Fig. 2 A shows pBoc cycles in individual wild-type and channel mutant worms. Coefficients of variance were calculated as a measure of cycle rhythmicity. Wild-type worms exhibited a highly rhythmic pBoc cycle with coefficients of variance for individual animals ranging from 2 to 5%. In striking contrast, loss of activity of either channel disrupted pBoc rhythmicity. Coefficients of variance ranged from 3 to 33% and 7 to 28% for GTL-1 and GON-2 mutant worms, respectively. Disruption of pBoc was more severe in the double mutant worms where coefficients of variance ranged from 10 to 67%.

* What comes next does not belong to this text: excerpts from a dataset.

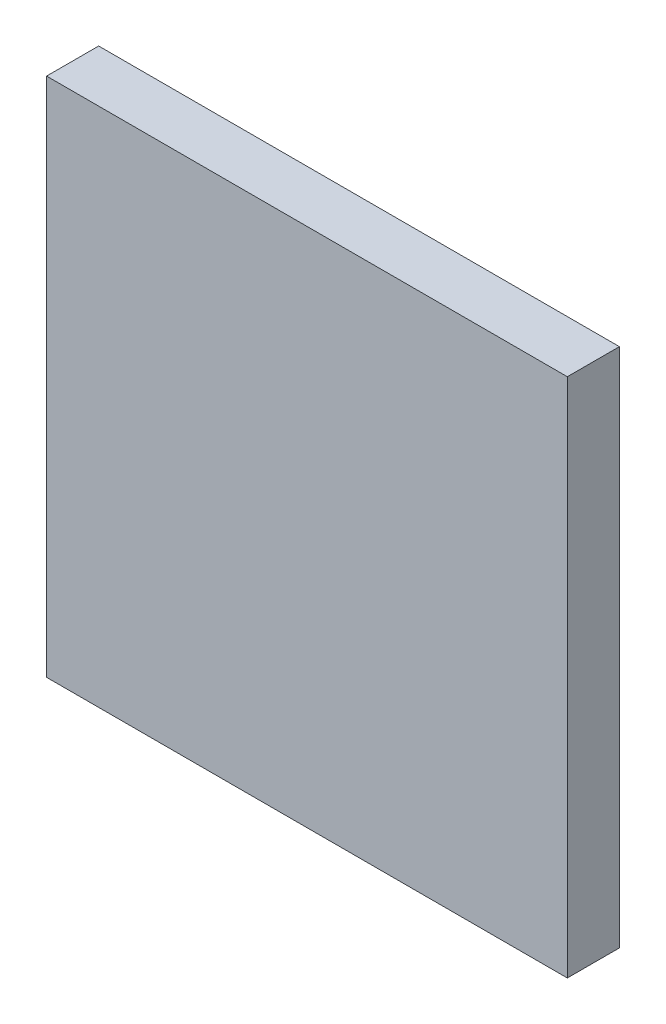
ISO-10303-21;
HEADER;
FILE_DESCRIPTION(('STEP AP214'),'2;1');
FILE_NAME('part.step','',(''),(''),'','','');
FILE_SCHEMA(('AUTOMOTIVE_DESIGN { 1 0 10303 214 1 1 1 1 }'));
ENDSEC;
DATA;
#1=APPLICATION_CONTEXT('core data for automotive mechanical design processes');
#2=APPLICATION_PROTOCOL_DEFINITION('international standard','automotive_design',2000,#1);
#3=PRODUCT_CONTEXT('',#1,'mechanical');
#4=PRODUCT('Part','Part','',(#3));
#5=PRODUCT_RELATED_PRODUCT_CATEGORY('part','',(#4));
#6=PRODUCT_DEFINITION_FORMATION('','',#4);
#7=PRODUCT_DEFINITION_CONTEXT('part definition',#1,'design');
#8=PRODUCT_DEFINITION('design','',#6,#7);
#9=PRODUCT_DEFINITION_SHAPE('','',#8);
#10=(LENGTH_UNIT() NAMED_UNIT(*) SI_UNIT(.MILLI.,.METRE.));
#11=(NAMED_UNIT(*) PLANE_ANGLE_UNIT() SI_UNIT($,.RADIAN.));
#12=(NAMED_UNIT(*) SI_UNIT($,.STERADIAN.) SOLID_ANGLE_UNIT());
#13=UNCERTAINTY_MEASURE_WITH_UNIT(LENGTH_MEASURE(1.E-05),#10,'distance_accuracy_value','');
#14=(GEOMETRIC_REPRESENTATION_CONTEXT(3) GLOBAL_UNCERTAINTY_ASSIGNED_CONTEXT((#13)) GLOBAL_UNIT_ASSIGNED_CONTEXT((#10,
#11,#12)) REPRESENTATION_CONTEXT('',''));
#15=CARTESIAN_POINT('',(0.,0.,0.));
#16=DIRECTION('',(0.,0.,1.));
#17=DIRECTION('',(1.,0.,0.));
#18=AXIS2_PLACEMENT_3D('',#15,#16,#17);
#19=CARTESIAN_POINT('',(10.,0.,1.));
#20=DIRECTION('',(0.,1.,0.));
#21=DIRECTION('',(0.,0.,1.));
#22=AXIS2_PLACEMENT_3D('',#19,#20,#21);
#23=PLANE('',#22);
#24=DIRECTION('',(1.,0.,0.));
#25=VECTOR('',#24,1.);
#26=CARTESIAN_POINT('',(10.,0.,0.));
#27=LINE('',#26,#25);
#28=CARTESIAN_POINT('',(0.,0.,0.));
#29=VERTEX_POINT('',#28);
#30=CARTESIAN_POINT('',(10.,0.,0.));
#31=VERTEX_POINT('',#30);
#32=EDGE_CURVE('E100',#29,#31,#27,.T.);
#33=ORIENTED_EDGE('',*,*,#32,.T.);
#34=DIRECTION('',(0.,0.,-1.));
#35=VECTOR('',#34,1.);
#36=CARTESIAN_POINT('',(10.,0.,1.));
#37=LINE('',#36,#35);
#38=CARTESIAN_POINT('',(10.,0.,1.));
#39=VERTEX_POINT('',#38);
#40=EDGE_CURVE('E11',#39,#31,#37,.T.);
#41=ORIENTED_EDGE('',*,*,#40,.F.);
#42=DIRECTION('',(1.,0.,0.));
#43=VECTOR('',#42,1.);
#44=CARTESIAN_POINT('',(10.,0.,1.));
#45=LINE('',#44,#43);
#46=CARTESIAN_POINT('',(0.,0.,1.));
#47=VERTEX_POINT('',#46);
#48=EDGE_CURVE('E88',#47,#39,#45,.T.);
#49=ORIENTED_EDGE('',*,*,#48,.F.);
#50=DIRECTION('',(0.,0.,-1.));
#51=VECTOR('',#50,1.);
#52=CARTESIAN_POINT('',(0.,0.,1.));
#53=LINE('',#52,#51);
#54=EDGE_CURVE('E96',#47,#29,#53,.T.);
#55=ORIENTED_EDGE('',*,*,#54,.T.);
#56=EDGE_LOOP('',(#33,#41,#49,#55));
#57=FACE_BOUND('',#56,.T.);
#58=ADVANCED_FACE('F37',(#57),#23,.F.);
#59=CARTESIAN_POINT('',(10.,10.,1.));
#60=DIRECTION('',(-1.,0.,0.));
#61=DIRECTION('',(0.,0.,1.));
#62=AXIS2_PLACEMENT_3D('',#59,#60,#61);
#63=PLANE('',#62);
#64=DIRECTION('',(0.,1.,0.));
#65=VECTOR('',#64,1.);
#66=CARTESIAN_POINT('',(10.,10.,0.));
#67=LINE('',#66,#65);
#68=CARTESIAN_POINT('',(10.,10.,0.));
#69=VERTEX_POINT('',#68);
#70=EDGE_CURVE('E92',#31,#69,#67,.T.);
#71=ORIENTED_EDGE('',*,*,#70,.T.);
#72=DIRECTION('',(0.,0.,-1.));
#73=VECTOR('',#72,1.);
#74=CARTESIAN_POINT('',(10.,10.,1.));
#75=LINE('',#74,#73);
#76=CARTESIAN_POINT('',(10.,10.,1.));
#77=VERTEX_POINT('',#76);
#78=EDGE_CURVE('E45',#77,#69,#75,.T.);
#79=ORIENTED_EDGE('',*,*,#78,.F.);
#80=DIRECTION('',(0.,1.,0.));
#81=VECTOR('',#80,1.);
#82=CARTESIAN_POINT('',(10.,10.,1.));
#83=LINE('',#82,#81);
#84=EDGE_CURVE('E83',#39,#77,#83,.T.);
#85=ORIENTED_EDGE('',*,*,#84,.F.);
#86=ORIENTED_EDGE('',*,*,#40,.T.);
#87=EDGE_LOOP('',(#71,#79,#85,#86));
#88=FACE_BOUND('',#87,.T.);
#89=ADVANCED_FACE('F91',(#88),#63,.F.);
#90=CARTESIAN_POINT('',(0.,10.,1.));
#91=DIRECTION('',(0.,-1.,0.));
#92=DIRECTION('',(0.,0.,-1.));
#93=AXIS2_PLACEMENT_3D('',#90,#91,#92);
#94=PLANE('',#93);
#95=DIRECTION('',(-1.,0.,0.));
#96=VECTOR('',#95,1.);
#97=CARTESIAN_POINT('',(0.,10.,0.));
#98=LINE('',#97,#96);
#99=CARTESIAN_POINT('',(0.,10.,0.));
#100=VERTEX_POINT('',#99);
#101=EDGE_CURVE('E70',#69,#100,#98,.T.);
#102=ORIENTED_EDGE('',*,*,#101,.T.);
#103=DIRECTION('',(0.,0.,-1.));
#104=VECTOR('',#103,1.);
#105=CARTESIAN_POINT('',(0.,10.,1.));
#106=LINE('',#105,#104);
#107=CARTESIAN_POINT('',(0.,10.,1.));
#108=VERTEX_POINT('',#107);
#109=EDGE_CURVE('E93',#108,#100,#106,.T.);
#110=ORIENTED_EDGE('',*,*,#109,.F.);
#111=DIRECTION('',(-1.,0.,0.));
#112=VECTOR('',#111,1.);
#113=CARTESIAN_POINT('',(0.,10.,1.));
#114=LINE('',#113,#112);
#115=EDGE_CURVE('E86',#77,#108,#114,.T.);
#116=ORIENTED_EDGE('',*,*,#115,.F.);
#117=ORIENTED_EDGE('',*,*,#78,.T.);
#118=EDGE_LOOP('',(#102,#110,#116,#117));
#119=FACE_BOUND('',#118,.T.);
#120=ADVANCED_FACE('F94',(#119),#94,.F.);
#121=CARTESIAN_POINT('',(0.,0.,1.));
#122=DIRECTION('',(1.,0.,0.));
#123=DIRECTION('',(0.,0.,-1.));
#124=AXIS2_PLACEMENT_3D('',#121,#122,#123);
#125=PLANE('',#124);
#126=DIRECTION('',(0.,-1.,0.));
#127=VECTOR('',#126,1.);
#128=CARTESIAN_POINT('',(0.,0.,0.));
#129=LINE('',#128,#127);
#130=EDGE_CURVE('E76',#100,#29,#129,.T.);
#131=ORIENTED_EDGE('',*,*,#130,.T.);
#132=ORIENTED_EDGE('',*,*,#54,.F.);
#133=DIRECTION('',(0.,-1.,0.));
#134=VECTOR('',#133,1.);
#135=CARTESIAN_POINT('',(0.,0.,1.));
#136=LINE('',#135,#134);
#137=EDGE_CURVE('E53',#108,#47,#136,.T.);
#138=ORIENTED_EDGE('',*,*,#137,.F.);
#139=ORIENTED_EDGE('',*,*,#109,.T.);
#140=EDGE_LOOP('',(#131,#132,#138,#139));
#141=FACE_BOUND('',#140,.T.);
#142=ADVANCED_FACE('F107',(#141),#125,.F.);
#143=CARTESIAN_POINT('',(0.,0.,1.));
#144=DIRECTION('',(0.,0.,-1.));
#145=DIRECTION('',(-1.,0.,0.));
#146=AXIS2_PLACEMENT_3D('',#143,#144,#145);
#147=PLANE('',#146);
#148=ORIENTED_EDGE('',*,*,#48,.T.);
#149=ORIENTED_EDGE('',*,*,#84,.T.);
#150=ORIENTED_EDGE('',*,*,#115,.T.);
#151=ORIENTED_EDGE('',*,*,#137,.T.);
#152=EDGE_LOOP('',(#148,#149,#150,#151));
#153=FACE_BOUND('',#152,.T.);
#154=ADVANCED_FACE('F84',(#153),#147,.F.);
#155=CARTESIAN_POINT('',(0.,0.,0.));
#156=DIRECTION('',(0.,0.,-1.));
#157=DIRECTION('',(-1.,0.,0.));
#158=AXIS2_PLACEMENT_3D('',#155,#156,#157);
#159=PLANE('',#158);
#160=ORIENTED_EDGE('',*,*,#32,.F.);
#161=ORIENTED_EDGE('',*,*,#130,.F.);
#162=ORIENTED_EDGE('',*,*,#101,.F.);
#163=ORIENTED_EDGE('',*,*,#70,.F.);
#164=EDGE_LOOP('',(#160,#161,#162,#163));
#165=FACE_BOUND('',#164,.T.);
#166=ADVANCED_FACE('F110',(#165),#159,.T.);
#167=CLOSED_SHELL('',(#58,#89,#120,#142,#154,#166));
#168=MANIFOLD_SOLID_BREP('B2',#167);
#169=ADVANCED_BREP_SHAPE_REPRESENTATION('',(#18,#168),#14);
#170=SHAPE_DEFINITION_REPRESENTATION(#9,#169);
ENDSEC;
END-ISO-10303-21;

pBoc cycle data are summarized in Fig. 2 B. Mean cycle periods and coefficients of variance were increased significantly (P < 0.05) in gtl-1 mutant, gon-2 mutant, and double mutant worms. In addition, the mean coefficient of variance was significantly (P < 0.01) greater in the double mutant worms compared with either GTL-1 or GON-2 mutant animals.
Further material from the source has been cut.